I am trying to organise some of the older stacks of files I have sat on my file server and i've come across old videos taken on a number of old cameras.  They are AVI files.  Logically they need to be imported into Lightroom so they can sit alongside the photos taken on the same day.

I've dragged a selection of them onto the Lightroom icon in my dock and the Import window opens but the videos do not show up.

Can Lightroom support AVI files? It would be really helpful so I can store them where they naturally belong.


----------



## Hal P Anderson (Dec 30, 2018)

I'm able to import .AVI files, but it may be that the data contained in the ones I tried are handled by CODECs on my computer.

See here: Adobe Lightroom supported video file formats


----------



## rctneil (Dec 31, 2018)

Hal P Anderson said:


> I'm able to import .AVI files, but it may be that the data contained in the ones I tried are handled by CODECs on my computer.
> 
> See here: Adobe Lightroom supported video file formats




Ah I've just spotted:


*AVI files on macOS*: Beginning with Lightroom Classic CC 8.0  and Lightroom CC 2.0 (October 2018 releases), you can no longer import new AVI files on macOS. The existing AVI files in your catalog play as expected in Lightroom CC and in a separate window from the Library Loupe view in Lightroom Classic.

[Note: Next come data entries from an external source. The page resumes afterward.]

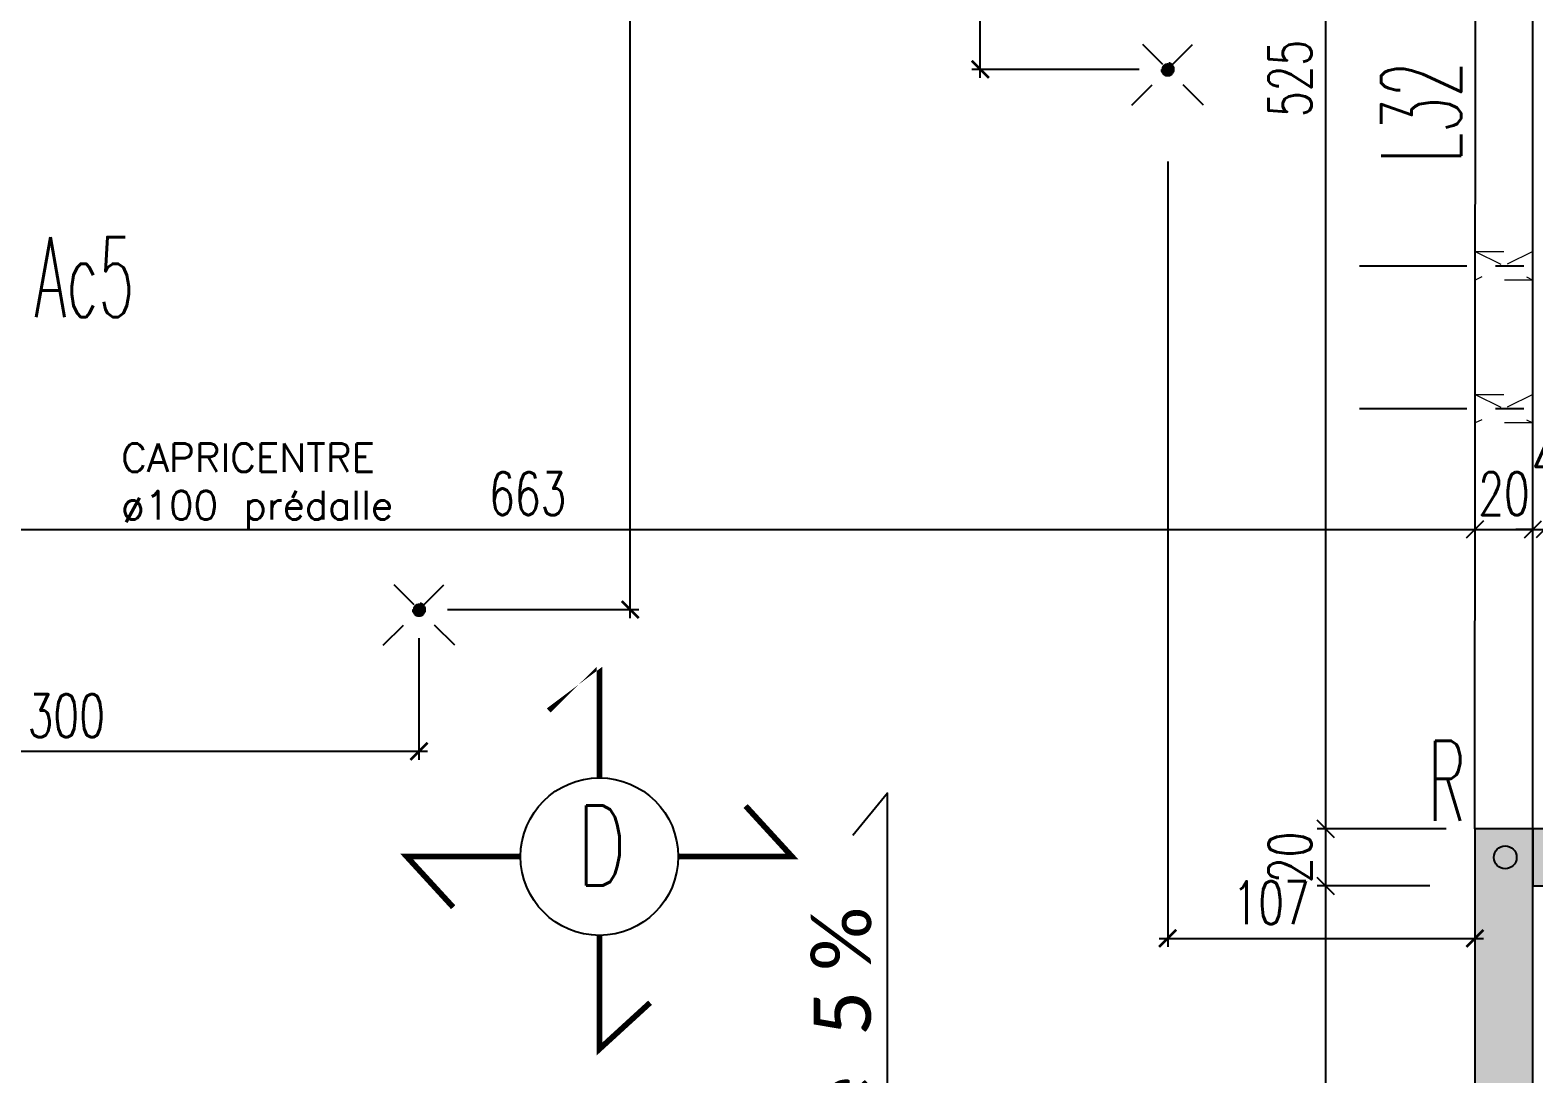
# Model space of a CAD drawing. Extents: x 308 to 787, y -199 to -146.
# Drawn here: x 398.71 to 403.97, y -177.74 to -174.08 of the extents above; entities that cross this region are included whole.
import ezdxf
from ezdxf.enums import TextEntityAlignment as Align

# ---------------------------------------------------------------- set-up
doc = ezdxf.new("R2010")
doc.units = 0
doc.header["$LTSCALE"] = 0.5
doc.header["$MEASUREMENT"] = 0
for name, pattern in [('AXES2', [1.125, 0.75, -0.125, 0.125, -0.125]), ('CACHE', [0.375, 0.25, -0.125]), ('CONTINU', [0]), ('DISCONTINU2', [0.375, 0.25, -0.125])]:
    doc.linetypes.add(name, pattern=pattern)
doc.layers.get('0').update_dxf_attribs({"linetype": 'CONTINUOUS'})
doc.layers.get('DEFPOINTS').update_dxf_attribs({"linetype": 'CONTINUOUS'})
doc.layers.add('00 - RESERVATIONS SPEC Plombier', color=90, linetype='CONTINUOUS', lineweight=20)
for name, color, linetype in [('2_AJSA_txt50', 181, 'CONTINUOUS'), ('_ SERTI RESERVATION', 210, 'CACHE'), ('AXES', 6, 'AXES2'), ('COTATION', 7, 'CONTINUOUS'), ('ELFOATTR', 7, 'CONTINUOUS'), ('MURS', 3, 'CONTINUOUS'), ('PLANCHER', 7, 'CONTINUOUS'), ('POCHAGE', 254, 'CONTINUOUS'), ('POUTRES', 2, 'CONTINUOUS'), ('RAID', 1, 'CONTINUOUS'), ('REPERE-POUT', 4, 'CONTINUOUS'), ('REPERE-RAID', 4, 'CONTINUOUS')]:
    doc.layers.add(name, color=color, linetype=linetype)
doc.styles.add('CALIBRI', font='calibri.ttf')
doc.styles.add('ROMANS8', font='romans.shx', dxfattribs={"width": 0.7})
doc.styles.get("Standard").update_dxf_attribs({"font": 'txt.shx'})
doc.dimstyles.new('COT50 cm', dxfattribs={"dimtxt": 0.15, "dimasz": 0.06, "dimexe": 0.03, "dimexo": 0.1, "dimgap": 0.05, "dimtad": 1, "dimdec": 0, "dimlfac": 100, "dimzin": 0, "dimdsep": 46, "dimtxsty": 'ROMANS8', "dimblk1": 'OBLIQUE', "dimblk2": 'OBLIQUE', "dimsah": 1, "dimcen": 0.03, "dimdle": 0.03, "dimclrt": 1, "dimadec": 0, "dimazin": 0, "dimtfac": 1, "dimtdec": 0, "dimtmove": 0, "dimatfit": 3, "dimfxl": 0, "dimtolj": 1, "dimtzin": 0, "dimlwd": -1, "dimlwe": -1, "dimarcsym": 0})

# ---------------------------------------------------------------- blocks, each defined once
blk = doc.blocks.new('_Oblique')
at = {"layer": 'COTATION', "color": 0, "lineweight": -2}
blk.add_line((-0.5, -0.5), (0.5, 0.5), dxfattribs=at)
blk = doc.blocks.new('*D410')
at = {"layer": 'COTATION', "color": 0, "transparency": 16777216}
for p, q in [((403.2448572107492, -181.9108585639716), (403.2448572107492, -177.0495014521345)), ((403.6088812242008, -177.0795014521345), (403.2148572107492, -177.0795014521345)), ((403.3715252724834, -181.8808585639716), (403.2148572107492, -181.8808585639716))]:
    blk.add_line(p, q, dxfattribs=at)
at = {"layer": 'DEFPOINTS', "color": 0, "transparency": 16777216}
for p in [(403.2448572107492, -177.0795014521345), (403.7088812242009, -177.0795014521345), (403.4715252724835, -181.8808585639716)]:
    blk.add_point(p, dxfattribs=at)
at = {"layer": 'COTATION', "color": 0, "transparency": 16777216, "xscale": 0.06, "yscale": 0.06, "zscale": 0.06}
for p, rotation in [((403.2448572107492, -177.0795014521345), 90), ((403.2448572107492, -181.8808585639716), 270)]:
    blk.add_blockref('_Oblique', p, dxfattribs=dict(at, rotation=rotation))
at = {"layer": 'COTATION', "color": 1, "transparency": 16777216, "insert": (403.1198572107492, -179.4801800080529), "char_height": 0.15, "attachment_point": 5, "rotation": 90, "style": 'ROMANS8'}
blk.add_mtext('\\A1;480', dxfattribs=at)
blk = doc.blocks.new('*D411')
at = {"layer": 'COTATION', "color": 0, "transparency": 16777216}
for p, q in [((403.6665651948871, -176.8795014521245), (403.2148572107492, -176.8795014521245)), ((403.2448572107492, -177.1095014521345), (403.2448572107492, -176.8495014521245)), ((403.6088812242008, -177.0795014521345), (403.2148572107492, -177.0795014521345))]:
    blk.add_line(p, q, dxfattribs=at)
at = {"layer": 'DEFPOINTS', "color": 0, "transparency": 16777216}
for p in [(403.2448572107492, -176.8795014521245), (403.7665651948872, -176.8795014521245), (403.7088812242009, -177.0795014521345)]:
    blk.add_point(p, dxfattribs=at)
at = {"layer": 'COTATION', "color": 0, "transparency": 16777216, "xscale": 0.06, "yscale": 0.06, "zscale": 0.06}
for p, rotation in [((403.2448572107492, -176.8795014521245), 90), ((403.2448572107492, -177.0795014521345), 270)]:
    blk.add_blockref('_Oblique', p, dxfattribs=dict(at, rotation=rotation))
at = {"layer": 'COTATION', "color": 1, "transparency": 16777216, "insert": (403.1198572107492, -176.9795014521295), "char_height": 0.15, "attachment_point": 5, "rotation": 90, "style": 'ROMANS8'}
blk.add_mtext('\\A1;20', dxfattribs=at)
blk = doc.blocks.new('*D412')
at = {"layer": 'COTATION', "color": 0, "transparency": 16777216}
for p, q in [((403.3496629990657, -171.6261835540025), (403.2148572107492, -171.6261835540025)), ((403.2448572107492, -176.9095014521245), (403.2448572107492, -171.5961835540025)), ((403.6665651948871, -176.8795014521245), (403.2148572107492, -176.8795014521245))]:
    blk.add_line(p, q, dxfattribs=at)
at = {"layer": 'DEFPOINTS', "color": 0, "transparency": 16777216}
for p in [(403.2448572107492, -171.6261835540025), (403.4496629990657, -171.6261835540025), (403.7665651948872, -176.8795014521245)]:
    blk.add_point(p, dxfattribs=at)
at = {"layer": 'COTATION', "color": 0, "transparency": 16777216, "xscale": 0.06, "yscale": 0.06, "zscale": 0.06}
for p, rotation in [((403.2448572107492, -171.6261835540025), 90), ((403.2448572107492, -176.8795014521245), 270)]:
    blk.add_blockref('_Oblique', p, dxfattribs=dict(at, rotation=rotation))
at = {"layer": 'COTATION', "color": 1, "transparency": 16777216, "insert": (403.1198572107492, -174.2528425030634), "char_height": 0.15, "attachment_point": 5, "rotation": 90, "style": 'ROMANS8'}
blk.add_mtext('\\A1;525', dxfattribs=at)
blk = doc.blocks.new('*D504')
at = {"layer": 'COTATION', "color": 0, "transparency": 16777216}
for p, q in [((397.1099459278443, -175.8312913826358), (403.7969463965963, -175.8312913826358)), ((397.1399459278443, -175.7993174181523), (397.1399459278443, -175.8612913826358)), ((403.7669463965963, -176.1401122456576), (403.7669463965963, -175.8012913826358))]:
    blk.add_line(p, q, dxfattribs=at)
at = {"layer": 'DEFPOINTS', "color": 0, "transparency": 16777216}
for p in [(397.1399459278443, -175.6993174181523), (403.7669463965963, -175.8312913826358), (403.7669463965963, -176.2401122456576)]:
    blk.add_point(p, dxfattribs=at)
at = {"layer": 'COTATION', "color": 0, "transparency": 16777216, "xscale": 0.06, "yscale": 0.06, "zscale": 0.06, "rotation": 180}
blk.add_blockref('_Oblique', (397.1399459278443, -175.8312913826358), dxfattribs=at)
at = {"layer": 'COTATION', "color": 0, "transparency": 16777216, "xscale": 0.06, "yscale": 0.06, "zscale": 0.06}
blk.add_blockref('_Oblique', (403.7669463965963, -175.8312913826358), dxfattribs=at)
at = {"layer": 'COTATION', "color": 1, "transparency": 16777216, "insert": (400.4534461622203, -175.7062913826358), "char_height": 0.15, "attachment_point": 5, "style": 'ROMANS8'}
blk.add_mtext('\\A1;663', dxfattribs=at)
blk = doc.blocks.new('*D505')
at = {"layer": 'COTATION', "color": 0, "transparency": 16777216}
for p, q in [((403.7369463965964, -175.8312913826358), (403.999640820573, -175.8312913826358)), ((403.7669463965963, -176.1401122456576), (403.7669463965963, -175.8012913826358)), ((403.969640820573, -176.1401081517406), (403.969640820573, -175.8012913826358))]:
    blk.add_line(p, q, dxfattribs=at)
at = {"layer": 'DEFPOINTS', "color": 0, "transparency": 16777216}
for p in [(403.969640820573, -175.8312913826358), (403.7669463965963, -176.2401122456576), (403.969640820573, -176.2401081517406)]:
    blk.add_point(p, dxfattribs=at)
at = {"layer": 'COTATION', "color": 0, "transparency": 16777216, "xscale": 0.06, "yscale": 0.06, "zscale": 0.06, "rotation": 180}
blk.add_blockref('_Oblique', (403.7669463965963, -175.8312913826358), dxfattribs=at)
at = {"layer": 'COTATION', "color": 0, "transparency": 16777216, "xscale": 0.06, "yscale": 0.06, "zscale": 0.06}
blk.add_blockref('_Oblique', (403.969640820573, -175.8312913826358), dxfattribs=at)
at = {"layer": 'COTATION', "color": 1, "transparency": 16777216, "insert": (403.8682861401952, -175.7062913826358), "char_height": 0.15, "attachment_point": 5, "style": 'ROMANS8'}
blk.add_mtext('\\A1;20', dxfattribs=at)
blk = doc.blocks.new('*D506')
at = {"layer": 'COTATION', "color": 0, "transparency": 16777216}
for p, q in [((403.969640820573, -175.8312913826358), (403.909640820573, -175.8312913826358)), ((403.969640820573, -176.1401081517406), (403.969640820573, -175.8012913826358)), ((403.969640820573, -175.8312913826358), (404.01035337106, -175.8312913826358)), ((404.01035337106, -176.1401036973129), (404.01035337106, -175.8012913826358)), ((404.01035337106, -175.8312913826358), (404.07035337106, -175.8312913826358))]:
    blk.add_line(p, q, dxfattribs=at)
at = {"layer": 'DEFPOINTS', "color": 0, "transparency": 16777216}
for p in [(404.01035337106, -175.8312913826358), (403.969640820573, -176.2401081517406), (404.01035337106, -176.2401036973129)]:
    blk.add_point(p, dxfattribs=at)
at = {"layer": 'COTATION', "color": 0, "transparency": 16777216, "xscale": 0.06, "yscale": 0.06, "zscale": 0.06}
blk.add_blockref('_Oblique', (403.969640820573, -175.8312913826358), dxfattribs=at)
at = {"layer": 'COTATION', "color": 0, "transparency": 16777216, "xscale": 0.06, "yscale": 0.06, "zscale": 0.06, "rotation": 180}
blk.add_blockref('_Oblique', (404.01035337106, -175.8312913826358), dxfattribs=at)
at = {"layer": 'COTATION', "color": 1, "transparency": 16777216, "insert": (404.0102956175165, -175.587248223242), "char_height": 0.15, "attachment_point": 5, "style": 'ROMANS8'}
blk.add_mtext('\\A1;4', dxfattribs=at)
blk = doc.blocks.new('Ldouille')
h = blk.add_hatch(color=256)
h.dxf.hatch_style = 1
h.paths.add_polyline_path([(8.822773568256626, 2.486899575160351e-13, 0.999999999999999), (-8.822773568257338, 2.459194434671962e-13, 0.9999999999999994)])
for p, q in [((-50.00000000000036, 50.00000000000025), (49.99999999999964, -49.99999999999975)), ((49.99999999999964, 50.00000000000025), (-50.00000000000036, -49.99999999999975))]:
    blk.add_line(p, q)
blk.add_circle((-3.552713678800501e-13, 2.486899575160351e-13), 8.82277356825698)
at = {"layer": 'ELFOATTR', "flags": 11}
for tag, p in [('LUM', (45.28491096443012, -4.44793329683446, -1.279791646303075e-09)), ('NOM', (45.28491096443012, -21.18741207147478, -1.279791646303075e-09))]:
    blk.add_attdef(tag, p, '', height=10, dxfattribs=at)
blk = doc.blocks.new('_ArchTick')
at = {"color": 0, "linetype": 'ByBlock', "const_width": 0.15}
blk.add_lwpolyline([(-0.5, -0.5), (0.5, 0.5)], dxfattribs=at)
blk = doc.blocks.new('*D1118')
at = {"layer": '_ SERTI RESERVATION', "color": 0, "linetype": 'CONTINU', "transparency": 16777216}
for p, q in [((400.0732476566629, -176.2121321396626), (400.0732476566629, -176.6385730715834)), ((397.0699554731665, -176.3291291266219), (397.0699554731665, -176.6385730715834)), ((400.1032476566629, -176.6085730715834), (397.0399554731665, -176.6085730715834))]:
    blk.add_line(p, q, dxfattribs=at)
at = {"layer": 'DEFPOINTS', "color": 0, "linetype": 'CONTINU', "transparency": 16777216}
for p in [(400.0732476566629, -176.1121321396626), (397.0699554731665, -176.2291291266219), (397.0699554731665, -176.6085730715834)]:
    blk.add_point(p, dxfattribs=at)
at = {"layer": '_ SERTI RESERVATION', "color": 0, "linetype": 'CONTINU', "transparency": 16777216, "xscale": 0.06, "yscale": 0.06, "zscale": 0.06, "rotation": 180}
blk.add_blockref('_ArchTick', (397.0699554731665, -176.6085730715834), dxfattribs=at)
at = {"layer": '_ SERTI RESERVATION', "color": 0, "linetype": 'CONTINU', "transparency": 16777216, "xscale": 0.06, "yscale": 0.06, "zscale": 0.06}
blk.add_blockref('_ArchTick', (400.0732476566629, -176.6085730715834), dxfattribs=at)
at = {"layer": '_ SERTI RESERVATION', "linetype": 'CONTINU', "transparency": 16777216, "insert": (398.8396471970163, -176.4835730715834), "char_height": 0.15, "attachment_point": 5, "style": 'ROMANS8'}
blk.add_mtext('\\A1;300', dxfattribs=at)
blk = doc.blocks.new('*D1119')
at = {"layer": '_ SERTI RESERVATION', "color": 0, "linetype": 'CONTINU', "transparency": 16777216}
for p, q in [((400.8122111519515, -176.1421321396626), (400.8122111519515, -171.5963980693946)), ((400.8122111519515, -171.6263980693946), (400.8422111519515, -171.6263980693946)), ((400.173247656663, -176.1121321396626), (400.8422111519515, -176.1121321396626))]:
    blk.add_line(p, q, dxfattribs=at)
at = {"layer": 'DEFPOINTS', "color": 0, "linetype": 'CONTINU', "transparency": 16777216}
for p in [(400.7885690225652, -171.6263980693946), (400.8122111519515, -171.6263980693946), (400.0732476566629, -176.1121321396626)]:
    blk.add_point(p, dxfattribs=at)
at = {"layer": '_ SERTI RESERVATION', "color": 0, "linetype": 'CONTINU', "transparency": 16777216, "xscale": 0.06, "yscale": 0.06, "zscale": 0.06}
for p, rotation in [((400.8122111519515, -171.6263980693946), 90), ((400.8122111519515, -176.1121321396626), 270)]:
    blk.add_blockref('_ArchTick', p, dxfattribs=dict(at, rotation=rotation))
at = {"layer": '_ SERTI RESERVATION', "linetype": 'CONTINU', "transparency": 16777216, "insert": (400.6872111519515, -173.8692651045286), "char_height": 0.15, "attachment_point": 5, "rotation": 90, "style": 'ROMANS8'}
blk.add_mtext('\\A1;449', dxfattribs=at)
blk = doc.blocks.new('*D1120')
at = {"layer": '_ SERTI RESERVATION', "color": 0, "linetype": 'CONTINU', "transparency": 16777216}
for p, q in [((402.1363928848405, -171.6263361132506), (402.0063928848406, -171.6263361132506)), ((402.0363928848406, -174.2511007959435), (402.0363928848406, -171.5963361132506)), ((402.5920081958235, -174.2211007959435), (402.0063928848406, -174.2211007959435))]:
    blk.add_line(p, q, dxfattribs=at)
at = {"layer": 'DEFPOINTS', "color": 0, "linetype": 'CONTINU', "transparency": 16777216}
for p in [(402.0363928848406, -171.6263361132506), (402.2363928848405, -171.6263361132506), (402.6920081958235, -174.2211007959435)]:
    blk.add_point(p, dxfattribs=at)
at = {"layer": '_ SERTI RESERVATION', "color": 0, "linetype": 'CONTINU', "transparency": 16777216, "xscale": 0.06, "yscale": 0.06, "zscale": 0.06}
for p, rotation in [((402.0363928848406, -171.6263361132506), 90), ((402.0363928848406, -174.2211007959435), 270)]:
    blk.add_blockref('_ArchTick', p, dxfattribs=dict(at, rotation=rotation))
at = {"layer": '_ SERTI RESERVATION', "linetype": 'CONTINU', "transparency": 16777216, "insert": (401.9113928848406, -172.923718454597), "char_height": 0.15, "attachment_point": 5, "rotation": 90, "style": 'ROMANS8'}
blk.add_mtext('\\A1;259', dxfattribs=at)
blk = doc.blocks.new('*D1121')
at = {"layer": '_ SERTI RESERVATION', "color": 0, "linetype": 'CONTINU', "transparency": 16777216}
for p, q in [((402.6920081958235, -174.5435189477074), (402.6920081958235, -177.293085549445)), ((403.7665651933967, -177.2019222058284), (403.7665651933967, -177.293085549445)), ((402.6620081958235, -177.263085549445), (403.7965651933967, -177.263085549445))]:
    blk.add_line(p, q, dxfattribs=at)
at = {"layer": 'DEFPOINTS', "color": 0, "linetype": 'CONTINU', "transparency": 16777216}
for p in [(402.6920081958235, -174.4435189477074), (403.7665651933967, -177.1019222058284), (403.7665651933967, -177.263085549445)]:
    blk.add_point(p, dxfattribs=at)
at = {"layer": '_ SERTI RESERVATION', "color": 0, "linetype": 'CONTINU', "transparency": 16777216, "xscale": 0.06, "yscale": 0.06, "zscale": 0.06, "rotation": 180}
blk.add_blockref('_ArchTick', (402.6920081958235, -177.263085549445), dxfattribs=at)
at = {"layer": '_ SERTI RESERVATION', "color": 0, "linetype": 'CONTINU', "transparency": 16777216, "xscale": 0.06, "yscale": 0.06, "zscale": 0.06}
blk.add_blockref('_ArchTick', (403.7665651933967, -177.263085549445), dxfattribs=at)
at = {"layer": '_ SERTI RESERVATION', "linetype": 'CONTINU', "transparency": 16777216, "insert": (403.053431302377, -177.138085549445), "char_height": 0.15, "attachment_point": 5, "style": 'ROMANS8'}
blk.add_mtext('\\A1;107', dxfattribs=at)

msp = doc.modelspace()

# ---------------------------------------------------------------- hatches: boundary and pattern name
at = {"layer": 'POCHAGE'}
h = msp.add_hatch(color=256, dxfattribs=at)
h.dxf.hatch_style = 1
h.paths.add_polyline_path([(403.7660997922737, -181.8808585639715), (403.9699579284616, -181.8808585639715), (403.9704233298266, -176.8795014521245), (403.7665651936388, -176.8795014521245)])
msp.add_hatch(color=251, dxfattribs=at).paths.add_polyline_path([(403.9695727423297, -177.0795014521345), (404.0095834140191, -177.0795014521345), (404.0095834140191, -176.8795014521344), (403.9695727423297, -176.8795014521344)])
at = {"layer": 'RAID'}
msp.add_hatch(color=256, dxfattribs=at).paths.add_polyline_path([(403.8326053457379, -176.9795044846433, 1), (403.912605345738, -176.9795044846433, 1)])

# ---------------------------------------------------------------- linework, layer by layer
at = {"layer": '00 - RESERVATIONS SPEC Plombier', "color": 100, "linetype": 'DISCONTINU2', "ltscale": 0.5}
for p, q in [((403.9696209439444, -174.8587924029171), (403.7677442729782, -174.9587933220196)), ((403.7677442729782, -174.8587933220197), (403.9696223829069, -174.9587923356869)), ((403.9696209439444, -175.3587924029171), (403.7677442729782, -175.4587933220198)), ((403.7677442729782, -175.3587933220199), (403.9696223829069, -175.4587923356867))]:
    msp.add_line(p, q, dxfattribs=at)
for points in [[(403.7677442729782, -174.8587933220197), (403.9696209439444, -174.8587924029171), (403.9696223829069, -174.9587923356869), (403.7677442729782, -174.9587933220196)], [(403.7677442729782, -175.3587933220199), (403.9696209439444, -175.3587924029171), (403.9696223829069, -175.4587923356867), (403.7677442729782, -175.4587933220198)]]:
    msp.add_lwpolyline(points, close=True, dxfattribs=at)
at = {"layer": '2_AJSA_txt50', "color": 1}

On Windows, the support for AVI files is still available.
Damn!  What a pain.  Now i'll have to convert all those videos into a format LR can import.  Does anyone know the actual reason avi importing was removed?


----------



## Victoria Bampton (Jan 1, 2019)

rctneil said:


> Does anyone know the actual reason avi importing was removed?


I don't think they've shared that publicly. The Any File plug-in could be another option Any File Lightroom Plugin


----------